On 10/3/2013 4:36 PM, jimmy nguyen wrote:
I'd like to get something like this in Solr:
<doc>
<str name="id">1</str>
<arr name="person"> <str id="1">Jane Doe</str> <str id="2">John Doe</str>
<arr name="person_phoneNumber"> <str id="1">0123456789</str> <str id="1">
1234567890</str>
<str id="2">2345678901</str>
</doc>
This way it is easy to link the 2 first phone numbers to Jane Doe and the
last one to John Doe.
Attributes like that are not something that Solr will do out of the
box. With some custom code, you might be able to create something like
that, but I'm not sure that you really need to do that.
When dealing with a search engine, and Solr in particular, you need to
think in terms of a flat data model, without relational features of any
kind. Solr does have some limited join capability where it can use two
indexes to return results, but if you're wanting to jump right in and
use that capability, there's a good chance that you need to back up and
think about a redesign with a flat data model. Solr is not a relational
database, it's a search engine. It does have features that let it fill
a NoSQL database role, but that's not what it's designed to do.
The first decision is what a single Solr document will represent. Do
you want phone numbers or people to be the basic unit in your index?

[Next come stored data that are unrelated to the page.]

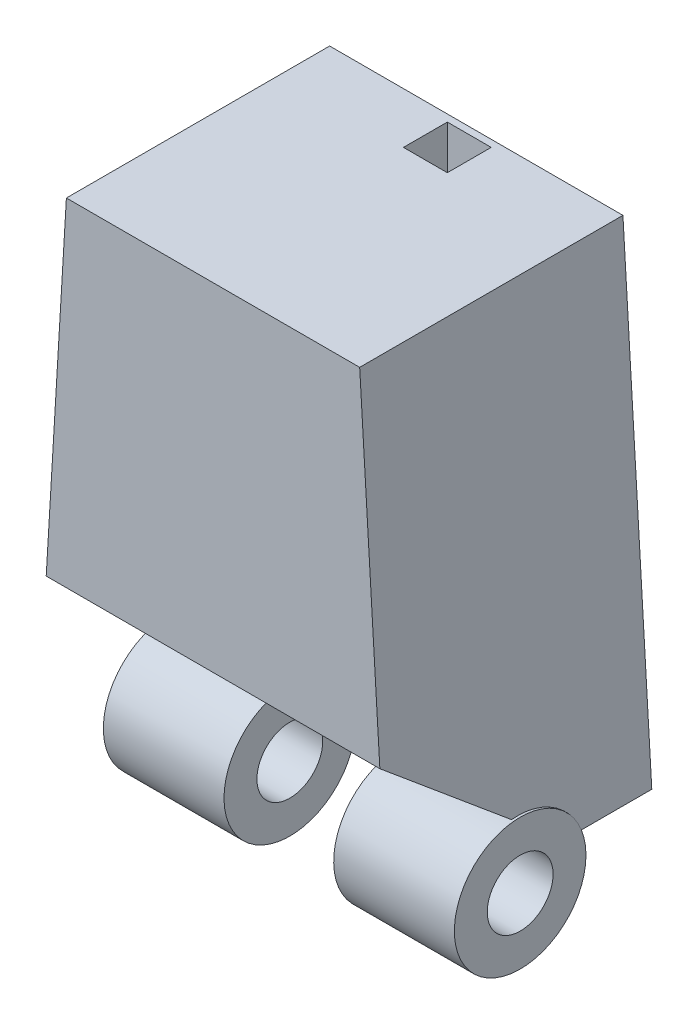
SolidWorks part; units mm, degrees
ref_plane "Front Plane" through (0, 0, 0) normal (0, 0, 1) x (1, 0, 0)
ref_plane "Top Plane" through (0, 0, 0) normal (0, 1, 0) x (1, 0, 0)
ref_plane "Right Plane" through (0, 0, 0) normal (1, 0, 0) x (0, 0, -1)
sketch "Sketch1" plane through (0, 0, 0) normal (0, 0, 1) x (1, 0, 0)
  line L0 (-56.5743, 0) -> (-40.5743, 0)
  line L2 (-56.5743, 0) -> (-55.2587, 22)
  line L3 (-40.5743, 0) -> (-41.8899, 22)
  arc A0 (-41.8899, 22) -> (-55.2587, 22) centre (-48.5743, 22) ccw
extrude "Boss-Extrude1" add sketch "Sketch1" along normal blind 12
sketch "Sketch2" plane through (0, 0, 12) normal (0, 0, 1) x (1, 0, 0)
  line L0 (-40.5743, 0) -> (-56.5743, 0)
  line L1 (-48.5743, 0) -> (-48.5743, 29.5391)
ref_plane "Plane1" through (-48.5743, 0, 0) normal (1, 0, 0) x (0, 0, -1)
sketch "Sketch3" plane through (-48.5743, 0, 0) normal (1, 0, 0) x (0, 0, -1)
  line L0 (0, 0) -> (-4, 0)
  line L1 (-12, 0) -> (0, 0) construction
  line L2 (-4, 0) -> (-12, 6.614)
  line L3 (-12, 0) -> (-12, 22) construction
  line L4 (-12, 6.614) -> (-12, 0)
  line L5 (-12, 0) -> (-4, 0)
extrude "Cut-Extrude1" cut sketch "Sketch3" against normal through all both and the other way through all contours L4 L5 L2 region at (-48.5743, 2.2047, 9.3333)
sketch "Sketch6" plane through (-48.5743, 0, 0) normal (1, 0, 0) x (0, 0, -1)
  line L1 (0, 0) -> (-12, 0)
  line L2 (-6, 0) -> (-6, -1.1)
  circle A0 centre (-6, -1.1) radius 1.5
  circle A1 centre (-6, -1.1) radius 3
extrude "Boss-Extrude2" add sketch "Sketch6" along normal mid plane 16 contours L1 A1 A0 | L1 A1 A0 region at (-48.5743, -0.5537, 3.1241) region at (-48.5743, 0.8343, 6)
extrude "Cut-Extrude2" cut sketch "Sketch6<3>" against normal mid plane 5 contours L1 A1 A0 | L1 A1 A0 region at (-48.5743, -0.5537, 3.1241) region at (-48.5743, 0.8343, 6)
sketch "Sketch6<3>" plane through (-48.5743, 0, 0) normal (1, 0, 0) x (0, 0, -1) same geometry as "Sketch6"
sketch "Sketch7" plane through (-48.5743, 0, 0) normal (1, 0, 0) x (0, 0, -1)
  line L0 (-7.1617, 2.6139) -> (-11.0152, 5.7998)
  line L1 (-6.2821, 1.8867) -> (-12, 6.614) construction
  line L2 (-7.1617, 2.6139) -> (-3.9757, 6.4674)
  line L3 (-3.9757, 6.4674) -> (-7.8293, 9.6534)
  line L4 (-7.8293, 9.6534) -> (-11.0152, 5.7998)
  line L5 (-12, 6.614) -> (-6.2821, 1.8867) construction
extrude "Cut-Extrude3" cut sketch "Sketch7" against normal mid plane 10
sketch "Sketch8" plane through (-48.5743, 0, 0) normal (1, 0, 0) x (0, 0, -1)
  circle A0 centre (-7.5481, 6.1771) radius 1.5
extrude "Boss-Extrude3" add sketch "Sketch8" along normal mid plane 11
sketch "Sketch9" plane through (-48.5743, 0, 0) normal (1, 0, 0) x (0, 0, -1)
  line L1 (-12, 28.6844) -> (0, 28.6844)
  line L2 (-12, 28.6844) -> (-12, 22)
  line L3 (-12, 22) -> (0, 22)
  line L4 (0, 28.6844) -> (0, 22)
extrude "Cut-Extrude4" cut sketch "Sketch9" against normal through all both and the other way through all
sketch "Sketch11" plane through (-48.5743, 0, 0) normal (1, 0, 0) x (0, 0, -1)
  line L0 (-0.32, 22) -> (-2.32, 22)
  line L2 (-12, 22) -> (0, 22) construction
  line L3 (-2.32, 22) -> (-2.32, 20.5436)
  line L5 (-0.32, 20.5436) -> (-0.32, 22)
  line L6 (-2.32, 20.5436) -> (-2.32, -1.5624)
  line L7 (-2.32, -1.5624) -> (-0.32, -1.5624)
  line L8 (-0.32, -1.5624) -> (-0.32, 20.5436)
extrude "Cut-Extrude5" cut sketch "Sketch11" against normal mid plane 2

Here's what I think you'd probably actually want for a typical
document. In this example, phoneNumber is a multi-valued field:
<doc>
<str name="id">1</str>
<str name="firstName">Jane</str>
<strname="lastName">Doe</str>
<str name="phoneNumber">0123456789</str>
<str name="phoneNumber">1234567890</str>
</doc>
In case you were thinking of using Solr as your primary data store,
don't. Unless you've got a flat data model, it wouldn't be very good
for that role. Also, given that most schema changes and some config
changes require a reindex, you'll want to have your data available
elsewhere so you can accomplish that.
Thanks,
Shawn